RECORDS SHOWN:
----------

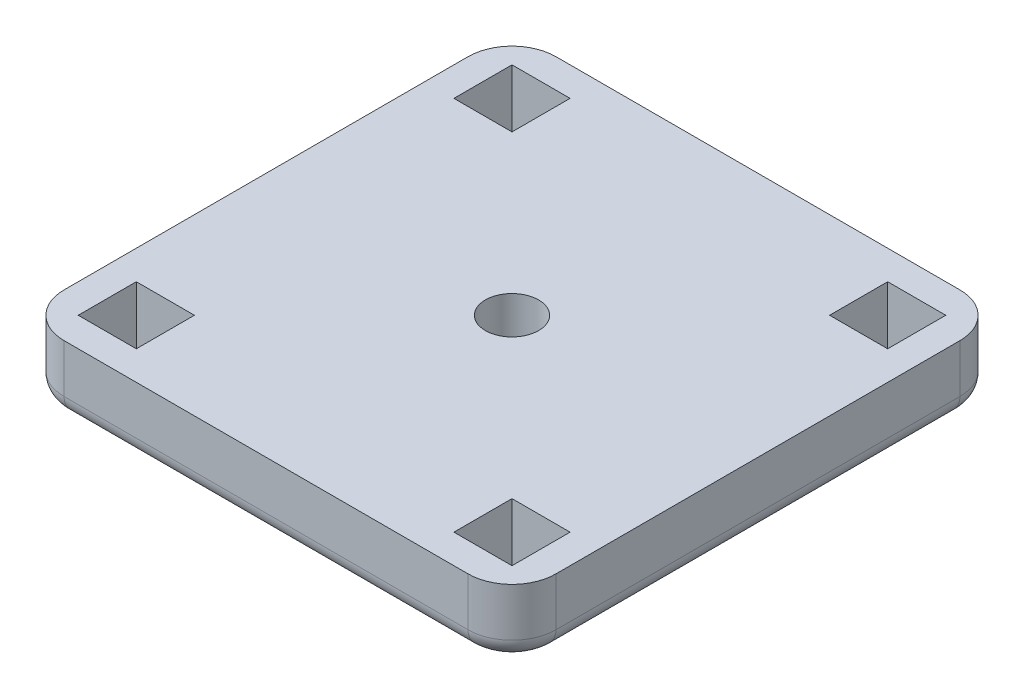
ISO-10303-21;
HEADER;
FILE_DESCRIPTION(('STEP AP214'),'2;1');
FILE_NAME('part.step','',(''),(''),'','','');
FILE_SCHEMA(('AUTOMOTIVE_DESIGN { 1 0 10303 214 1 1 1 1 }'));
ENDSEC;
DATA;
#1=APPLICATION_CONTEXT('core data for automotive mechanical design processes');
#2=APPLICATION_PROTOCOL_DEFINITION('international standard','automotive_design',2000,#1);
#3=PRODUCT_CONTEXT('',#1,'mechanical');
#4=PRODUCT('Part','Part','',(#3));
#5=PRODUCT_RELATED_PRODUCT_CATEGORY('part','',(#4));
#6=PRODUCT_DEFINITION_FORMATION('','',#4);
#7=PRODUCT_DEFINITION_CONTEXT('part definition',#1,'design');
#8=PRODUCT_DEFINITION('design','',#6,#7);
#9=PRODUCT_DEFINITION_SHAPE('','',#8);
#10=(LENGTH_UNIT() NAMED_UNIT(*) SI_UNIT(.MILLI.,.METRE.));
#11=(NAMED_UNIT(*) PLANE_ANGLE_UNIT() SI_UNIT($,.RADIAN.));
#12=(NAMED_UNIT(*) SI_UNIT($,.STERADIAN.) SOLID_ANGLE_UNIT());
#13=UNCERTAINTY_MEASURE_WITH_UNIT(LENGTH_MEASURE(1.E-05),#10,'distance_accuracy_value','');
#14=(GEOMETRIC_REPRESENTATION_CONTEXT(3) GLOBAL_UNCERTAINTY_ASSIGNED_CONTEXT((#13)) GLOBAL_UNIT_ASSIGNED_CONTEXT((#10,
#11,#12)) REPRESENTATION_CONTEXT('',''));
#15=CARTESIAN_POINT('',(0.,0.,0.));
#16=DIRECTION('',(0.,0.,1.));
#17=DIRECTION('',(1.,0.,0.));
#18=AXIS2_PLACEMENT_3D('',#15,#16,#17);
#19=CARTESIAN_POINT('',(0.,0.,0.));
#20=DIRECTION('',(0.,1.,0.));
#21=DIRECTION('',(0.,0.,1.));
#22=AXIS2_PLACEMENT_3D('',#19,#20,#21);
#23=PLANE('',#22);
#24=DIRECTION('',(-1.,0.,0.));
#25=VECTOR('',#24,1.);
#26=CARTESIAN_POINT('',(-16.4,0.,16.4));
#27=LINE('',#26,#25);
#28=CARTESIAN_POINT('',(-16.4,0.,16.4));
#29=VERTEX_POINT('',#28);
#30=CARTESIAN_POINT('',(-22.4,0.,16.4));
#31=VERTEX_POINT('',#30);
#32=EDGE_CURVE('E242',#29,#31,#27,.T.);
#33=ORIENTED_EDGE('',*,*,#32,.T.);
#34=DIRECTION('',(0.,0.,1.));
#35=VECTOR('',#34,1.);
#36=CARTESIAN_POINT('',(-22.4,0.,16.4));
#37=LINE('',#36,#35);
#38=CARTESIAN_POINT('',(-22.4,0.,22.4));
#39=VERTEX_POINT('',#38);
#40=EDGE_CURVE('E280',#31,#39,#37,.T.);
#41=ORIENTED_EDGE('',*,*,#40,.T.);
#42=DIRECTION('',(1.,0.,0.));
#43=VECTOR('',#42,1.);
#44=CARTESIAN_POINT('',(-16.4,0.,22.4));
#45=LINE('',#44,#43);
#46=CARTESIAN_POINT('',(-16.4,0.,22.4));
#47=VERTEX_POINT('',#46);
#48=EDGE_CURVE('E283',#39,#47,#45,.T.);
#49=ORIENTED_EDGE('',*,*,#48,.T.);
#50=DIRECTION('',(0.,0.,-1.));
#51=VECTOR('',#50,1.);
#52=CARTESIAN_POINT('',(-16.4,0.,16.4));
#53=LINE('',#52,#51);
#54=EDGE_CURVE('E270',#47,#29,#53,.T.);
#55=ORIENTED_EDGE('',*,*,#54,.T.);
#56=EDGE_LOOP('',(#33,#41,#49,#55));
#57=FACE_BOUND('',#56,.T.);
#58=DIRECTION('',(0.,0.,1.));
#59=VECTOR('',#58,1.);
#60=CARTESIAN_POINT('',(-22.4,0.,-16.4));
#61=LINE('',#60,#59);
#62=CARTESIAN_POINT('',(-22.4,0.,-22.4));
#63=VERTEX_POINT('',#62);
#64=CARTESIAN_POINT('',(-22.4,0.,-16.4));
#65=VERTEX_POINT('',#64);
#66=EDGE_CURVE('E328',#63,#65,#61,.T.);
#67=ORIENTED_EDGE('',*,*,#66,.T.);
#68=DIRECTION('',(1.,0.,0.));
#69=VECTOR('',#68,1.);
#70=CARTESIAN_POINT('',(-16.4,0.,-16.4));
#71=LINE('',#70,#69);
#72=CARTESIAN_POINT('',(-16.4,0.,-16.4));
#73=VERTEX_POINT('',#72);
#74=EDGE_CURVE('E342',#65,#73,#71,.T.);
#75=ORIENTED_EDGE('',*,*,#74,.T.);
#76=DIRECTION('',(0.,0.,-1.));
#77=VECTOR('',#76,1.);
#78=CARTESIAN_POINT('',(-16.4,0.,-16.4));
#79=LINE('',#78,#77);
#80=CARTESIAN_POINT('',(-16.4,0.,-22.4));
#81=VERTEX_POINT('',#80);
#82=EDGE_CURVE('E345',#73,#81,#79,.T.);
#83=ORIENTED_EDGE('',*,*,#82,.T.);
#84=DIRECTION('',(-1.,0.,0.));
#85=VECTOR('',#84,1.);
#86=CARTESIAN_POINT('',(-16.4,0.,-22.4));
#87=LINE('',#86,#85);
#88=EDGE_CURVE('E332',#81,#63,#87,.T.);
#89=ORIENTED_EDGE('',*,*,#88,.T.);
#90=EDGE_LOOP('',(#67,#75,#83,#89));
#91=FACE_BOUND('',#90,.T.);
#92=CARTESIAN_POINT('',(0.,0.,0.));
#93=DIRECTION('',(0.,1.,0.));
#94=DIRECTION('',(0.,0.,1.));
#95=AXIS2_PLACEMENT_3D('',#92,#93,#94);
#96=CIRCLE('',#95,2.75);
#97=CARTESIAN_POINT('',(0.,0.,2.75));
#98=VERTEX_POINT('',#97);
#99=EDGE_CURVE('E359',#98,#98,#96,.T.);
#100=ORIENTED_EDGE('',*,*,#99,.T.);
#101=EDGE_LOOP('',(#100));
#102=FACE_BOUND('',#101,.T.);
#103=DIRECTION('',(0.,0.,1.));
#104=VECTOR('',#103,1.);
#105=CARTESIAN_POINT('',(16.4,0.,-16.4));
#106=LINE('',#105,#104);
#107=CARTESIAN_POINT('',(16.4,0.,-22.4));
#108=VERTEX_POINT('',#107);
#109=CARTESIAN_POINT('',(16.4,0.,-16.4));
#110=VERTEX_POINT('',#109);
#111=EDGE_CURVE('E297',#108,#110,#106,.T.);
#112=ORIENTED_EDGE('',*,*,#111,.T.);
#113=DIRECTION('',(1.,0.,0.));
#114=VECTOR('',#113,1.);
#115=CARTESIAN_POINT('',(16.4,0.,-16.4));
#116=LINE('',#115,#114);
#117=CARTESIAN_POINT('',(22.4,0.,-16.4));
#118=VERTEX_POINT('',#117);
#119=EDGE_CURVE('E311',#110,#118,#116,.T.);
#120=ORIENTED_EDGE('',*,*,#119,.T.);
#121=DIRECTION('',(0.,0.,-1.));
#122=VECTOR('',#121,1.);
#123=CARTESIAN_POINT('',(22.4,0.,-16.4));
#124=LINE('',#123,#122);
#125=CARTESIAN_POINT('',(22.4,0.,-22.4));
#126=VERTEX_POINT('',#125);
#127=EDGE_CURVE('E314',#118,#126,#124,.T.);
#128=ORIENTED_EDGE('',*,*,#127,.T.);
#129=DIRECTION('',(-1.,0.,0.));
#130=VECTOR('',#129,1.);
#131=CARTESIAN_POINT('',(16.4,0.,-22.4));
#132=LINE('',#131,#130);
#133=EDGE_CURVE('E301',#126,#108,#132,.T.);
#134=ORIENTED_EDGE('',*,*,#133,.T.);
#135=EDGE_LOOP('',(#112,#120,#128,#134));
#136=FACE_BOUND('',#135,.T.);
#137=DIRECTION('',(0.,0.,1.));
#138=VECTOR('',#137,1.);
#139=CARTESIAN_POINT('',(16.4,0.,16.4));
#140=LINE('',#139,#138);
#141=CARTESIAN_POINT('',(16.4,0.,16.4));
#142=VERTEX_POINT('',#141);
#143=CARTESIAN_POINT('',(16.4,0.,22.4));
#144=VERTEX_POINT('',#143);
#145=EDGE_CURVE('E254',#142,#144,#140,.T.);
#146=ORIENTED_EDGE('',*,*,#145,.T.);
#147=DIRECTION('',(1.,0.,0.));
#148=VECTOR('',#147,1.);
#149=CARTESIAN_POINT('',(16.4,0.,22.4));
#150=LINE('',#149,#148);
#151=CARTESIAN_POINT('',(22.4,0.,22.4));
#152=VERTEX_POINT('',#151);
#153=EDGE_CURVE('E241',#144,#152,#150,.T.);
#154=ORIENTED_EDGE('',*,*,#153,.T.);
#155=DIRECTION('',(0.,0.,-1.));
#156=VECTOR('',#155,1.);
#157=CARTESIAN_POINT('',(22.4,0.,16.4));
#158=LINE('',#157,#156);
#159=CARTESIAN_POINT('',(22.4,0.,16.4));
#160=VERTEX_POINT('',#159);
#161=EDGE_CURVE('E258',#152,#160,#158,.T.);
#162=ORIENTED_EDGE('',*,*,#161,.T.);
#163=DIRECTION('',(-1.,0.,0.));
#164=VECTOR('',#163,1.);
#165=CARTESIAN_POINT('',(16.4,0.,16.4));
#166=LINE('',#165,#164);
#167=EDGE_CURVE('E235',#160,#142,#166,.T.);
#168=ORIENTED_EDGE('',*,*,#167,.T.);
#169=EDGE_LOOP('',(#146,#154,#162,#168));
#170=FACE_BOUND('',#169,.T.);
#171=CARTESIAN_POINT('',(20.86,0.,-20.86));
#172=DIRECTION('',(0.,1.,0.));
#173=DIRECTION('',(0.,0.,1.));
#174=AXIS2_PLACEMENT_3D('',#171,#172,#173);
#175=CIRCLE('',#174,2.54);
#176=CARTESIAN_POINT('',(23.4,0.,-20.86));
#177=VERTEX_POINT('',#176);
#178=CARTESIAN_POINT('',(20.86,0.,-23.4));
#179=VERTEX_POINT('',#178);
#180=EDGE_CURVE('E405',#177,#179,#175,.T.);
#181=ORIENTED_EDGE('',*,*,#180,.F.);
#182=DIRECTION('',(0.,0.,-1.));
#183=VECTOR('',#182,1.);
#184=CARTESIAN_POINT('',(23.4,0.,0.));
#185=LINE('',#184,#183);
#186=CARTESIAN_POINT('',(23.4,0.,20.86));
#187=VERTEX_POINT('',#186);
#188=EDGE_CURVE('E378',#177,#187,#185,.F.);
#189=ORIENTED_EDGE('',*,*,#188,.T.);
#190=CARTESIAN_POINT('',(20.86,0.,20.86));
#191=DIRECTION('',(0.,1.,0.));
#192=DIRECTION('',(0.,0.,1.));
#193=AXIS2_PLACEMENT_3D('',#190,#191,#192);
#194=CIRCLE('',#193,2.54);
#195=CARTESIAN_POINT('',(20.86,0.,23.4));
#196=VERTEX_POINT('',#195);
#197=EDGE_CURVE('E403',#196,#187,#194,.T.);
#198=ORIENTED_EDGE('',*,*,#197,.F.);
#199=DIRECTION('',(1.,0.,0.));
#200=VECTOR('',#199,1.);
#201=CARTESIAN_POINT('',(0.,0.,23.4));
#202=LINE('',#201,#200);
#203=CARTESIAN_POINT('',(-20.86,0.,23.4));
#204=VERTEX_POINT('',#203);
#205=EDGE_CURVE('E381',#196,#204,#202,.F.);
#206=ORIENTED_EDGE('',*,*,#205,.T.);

----------

EXERCISE: Where in the listing does the string "CIRCLE" appear? Copy every line that has it.

WRITTEN SOLUTION:
#96=CIRCLE('',#95,2.75);
#175=CIRCLE('',#174,2.54);
#194=CIRCLE('',#193,2.54);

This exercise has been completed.